RideLondon: it’s all change as cycling festival on closed roads returns

RideLondon is back. After a Covid-enforced hiatus, the closed-roads cycling festival held its first incarnation since 2019 on Sunday, with both the family-based Freecycle and the 30-, 60- and 100-mile rides held on the same day. There have been some changes – so what was it like? As has become traditional, here are five thoughts about the event.

Goodbye Surrey, hello Essex

The first seven editions of the RideLondon 100 (and its shorter cousins) took riders on the same route into the Surrey Hills and back. Now it is Essex, and the difference is notable. No especially steep inclines, like Surrey’s Leith Hill, and more in the way of wide roads – especially in London, where the route in and out, through Stratford and beyond, was something of a mini-tour of London’s urban motorways and underpasses.

It’s fair to say that the old route, through west London and Richmond Park, was more scenic, and that lovely as the Essex lanes are, we saw relatively few of them. There is a reason: one plan was to avoid rapid, narrow descents (such as Leith Hill) to reduce the number of crashes, and also ensure that if someone did need medical help it would not necessitate re-routing riders, as happened in 2016. This year, a rider did require an air ambulance after a suspected heart attack (the good news is they are understood to be stable in hospital), and while that delayed a lot of people, me included, the moment the air ambulance had gone, riders were allowed through.

Also: Surrey didn’t want us any more. Despite residents voting to keep the event in a mini-referendum, the county council decided it was too disruptive. RideLondon organisers say Essex officials were enthusiastic.

It’s still very well run

You might expect this, given that RideLondon is put together by the same people who have organised the London Marathon for 40 years, but things do go very smoothly, and all the marshals, volunteers and others I encountered were excellent. The logistics are a bit different now. No longer starting in the huge spaces of the Olympic Park, but on the Embankment, meant the event was easier to get to for many, but there was no room for a bag drop service.

The way the different waves of riders joined the course seemed a bit haphazard, but at least it avoided the previous experience of having to wait around in the morning chill until your group was allowed to go.

More diversity

Speaking to Hugh Brasher, who heads the London Marathon organisers, he stressed this as an aim, all the more so given that road cycling is a pursuit which, arguably even by the standards of organised sport, is disproportionately done by men of a certain age, me among them.

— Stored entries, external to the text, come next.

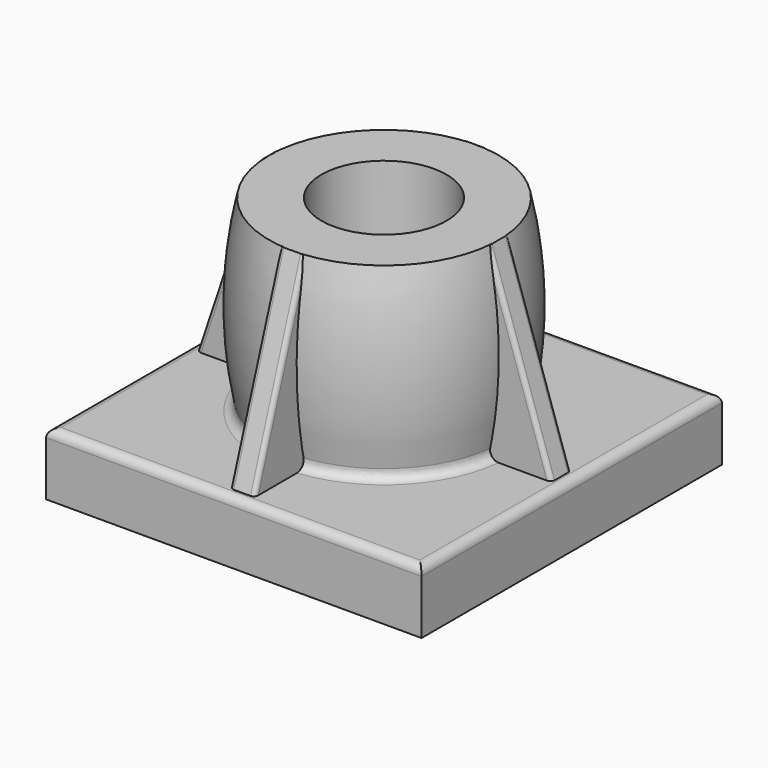
from build123d import *

# Parameters (mm, degrees)
F0_W           = 90
F0_H           = 90
F1_DEPTH       = 15
F5_DEPTH       = 3
F7_COUNT       = 4
F8_R           = 2
F9_T1_DEPTH    = 52.4341649025
F10_T1_DEPTH   = 52.4341649025
F10_2_T1_DEPTH = 52.4341649025
F10_3_T1_DEPTH = 52.4341649025


# Not quite as in the source:
# - a fillet or chamfer that OpenCascade refuses, or shapes differently, is made with other operations: its cross-section is extruded or revolved along the edge and cut away or added


with BuildPart() as f1:
    # F0 (on Top) → F1 (new body)
    with BuildSketch(Plane.XY):
        Rectangle(F0_W, F0_H)
    extrude(amount=F1_DEPTH)

    # F2 (on Front) → F3 (revolve)
    with BuildSketch(Plane.XZ):
        with BuildLine():
            Line((-27.5, 15), (-15, 15))
            Line((-15, 15), (-15, 60))
            Line((-15, 60), (-27.5, 60))
            ThreePointArc((-27.5, 60), (-30.0641236505, 37.5), (-27.5, 15))
        make_face()
    revolve(axis=Axis((0, 0, 27.5), (0, 0, 1)))


with BuildPart() as f5:
    # F4 (on Front) → F5 (new body, symmetric)
    with BuildSketch(Plane.XZ):
        Polygon((-42.5, 15), (-22.5, 15), (-22.5, 60), (-27.5, 60), align=None)
    extrude(amount=F5_DEPTH, both=True)

    # F6: cut F1
    add(f1.part, mode=Mode.SUBTRACT)


with BuildPart() as f7_1:
    # F7: instance of F5
    add(f5.part.rotate(Axis((0, 0, 27.5), (0, 0, 1)), 1 * 360 / F7_COUNT))

    # F10#3: fillet of radius 1 on 2 edges, made by hand

    # F10_3_s2 → F10_3_t1 (cut)
    with BuildSketch(Plane(origin=(0, 16.040569415, 48.1217082451), x_dir=(1, 0, 0), z_dir=(0, -0.316227766, -0.9486832981))):
        with BuildLine():
            ThreePointArc((3, 44.0624566574), (2.7071067812, 44.7695634386), (2, 45.0624566574))
            Line((2, 45.0624566574), (3, 45.0624566574))
            Line((3, 45.0624566574), (3, 44.0624566574))
        make_face()
        with BuildLine():
            ThreePointArc((-3, 44.0624566574), (-2.7071067812, 44.7695634386), (-2, 45.0624566574))
            Line((-2, 45.0624566574), (-3, 45.0624566574))
            Line((-3, 45.0624566574), (-3, 44.0624566574))
        make_face()
    extrude(amount=F10_3_T1_DEPTH, mode=Mode.SUBTRACT)


with BuildPart() as f7_2:
    # F7: instance of F5
    add(f5.part.rotate(Axis((0, 0, 27.5), (0, 0, 1)), 2 * 360 / F7_COUNT))

    # F10#2: fillet of radius 1 on 2 edges, made by hand

    # F10_2_s2 → F10_2_t1 (cut)
    with BuildSketch(Plane(origin=(-16.040569415, 0, 48.1217082451), x_dir=(0, 1, 0), z_dir=(0.316227766, 0, -0.9486832981))):
        with BuildLine():
            ThreePointArc((-3, 44.0624566574), (-2.7071067812, 44.7695634386), (-2, 45.0624566574))
            Line((-2, 45.0624566574), (-3, 45.0624566574))
            Line((-3, 45.0624566574), (-3, 44.0624566574))
        make_face()
        with BuildLine():
            ThreePointArc((3, 44.0624566574), (2.7071067812, 44.7695634386), (2, 45.0624566574))
            Line((2, 45.0624566574), (3, 45.0624566574))
            Line((3, 45.0624566574), (3, 44.0624566574))
        make_face()
    extrude(amount=F10_2_T1_DEPTH, mode=Mode.SUBTRACT)


with BuildPart() as f7_3:
    # F7: instance of F5
    add(f5.part.rotate(Axis((0, 0, 27.5), (0, 0, 1)), 3 * 360 / F7_COUNT))

    # F10: fillet of radius 1 on 2 edges, made by hand

    # F10_s2 → F10_t1 (cut)
    with BuildSketch(Plane(origin=(0, -16.040569415, 48.1217082451), x_dir=(1, 0, 0), z_dir=(0, 0.316227766, -0.9486832981))):
        with BuildLine():
            ThreePointArc((-3, -44.0624566574), (-2.7071067812, -44.7695634386), (-2, -45.0624566574))
            Line((-2, -45.0624566574), (-3, -45.0624566574))
            Line((-3, -45.0624566574), (-3, -44.0624566574))
        make_face()
        with BuildLine():
            ThreePointArc((3, -44.0624566574), (2.7071067812, -44.7695634386), (2, -45.0624566574))
            Line((2, -45.0624566574), (3, -45.0624566574))
            Line((3, -45.0624566574), (3, -44.0624566574))
        make_face()
    extrude(amount=F10_T1_DEPTH, mode=Mode.SUBTRACT)


with BuildPart() as f1_1:
    add(f1.part)

    # F8
    f8_edges = [f1_1.edges().sort_by_distance(p)[0] for p in [
        (45, 0, 15),
        (0, -45, 15),
        (0, 45, 15),
        (-45, 0, 15),
        (27.5, 0, 15),
    ]]
    fillet(f8_edges, radius=F8_R)


with BuildPart() as f5_1:
    add(f5.part)

    # F9: fillet of radius 1 on 2 edges, made by hand

    # F9_s2 → F9_t1 (cut)
    with BuildSketch(Plane(origin=(16.040569415, 0, 48.1217082451), x_dir=(0, 1, 0), z_dir=(-0.316227766, 0, -0.9486832981))):
        with BuildLine():
            ThreePointArc((3, -44.0624566574), (2.7071067812, -44.7695634386), (2, -45.0624566574))
            Line((2, -45.0624566574), (3, -45.0624566574))
            Line((3, -45.0624566574), (3, -44.0624566574))
        make_face()
        with BuildLine():
            ThreePointArc((-3, -44.0624566574), (-2.7071067812, -44.7695634386), (-2, -45.0624566574))
            Line((-2, -45.0624566574), (-3, -45.0624566574))
            Line((-3, -45.0624566574), (-3, -44.0624566574))
        make_face()
    extrude(amount=F9_T1_DEPTH, mode=Mode.SUBTRACT)


solid = Compound([f7_1.part, f7_2.part, f7_3.part, f1_1.part, f5_1.part])

The 30-mile event was 46% female this year, with the figure for the 100-mile one being 23% – still fairly low, but 40% up on 2019. Brasher has liaised with disability cycling and groups representing minority ethnic riders, and when the various-length events merged near the finish, it was heartening to see participants on hand cycles and trikes, among other machines.

Cyclists are remarkably easy to organise

This is more relevant to everyday riding and city planning, and something of a truism, but worth stressing: when it comes to finite road space, people on bikes are very flexible.

This occurred as I waited for the air ambulance amid a vast crowd of tightly packed cyclists, one that presumably stretched for miles behind me. But once we got going, within minutes, the hordes had self-organised into stretched-out groups, without any fuss. A similar-sized traffic jam involving cars – and remember, 22,600 riders started – would have taken all day to sort out.

Remember this next time a newspaper prints a photo of an “empty” cycle lane. It’s not that it’s not being used; it’s just that the cyclists have already gone.

100 miles without (much) training

To indulge myself with a final point about my own ride, it’s fair to say I began with some misgivings. Barring a four-day mini training break in May, my entire preparation involved a three-ish mile each-way commute in work clothes on an everyday bike. And yet, if I exclude the wait for the air ambulance, I finished in about 5 hours 10 minutes, only slightly more than my fastest ever time, when I was about five years younger and much better prepared.

Yes, I did find the last 15 or so miles a slog, and I am limping a bit on stairs, but I was surprised. Or maybe I shouldn’t be? With various other cycle-based chores, I probably average 40 or 50 miles a week of riding. This is the magic of what public health experts like to call incidental activity – physical exertion you carry out not for formal exercise, just in going about your everyday life. It should not be underestimated.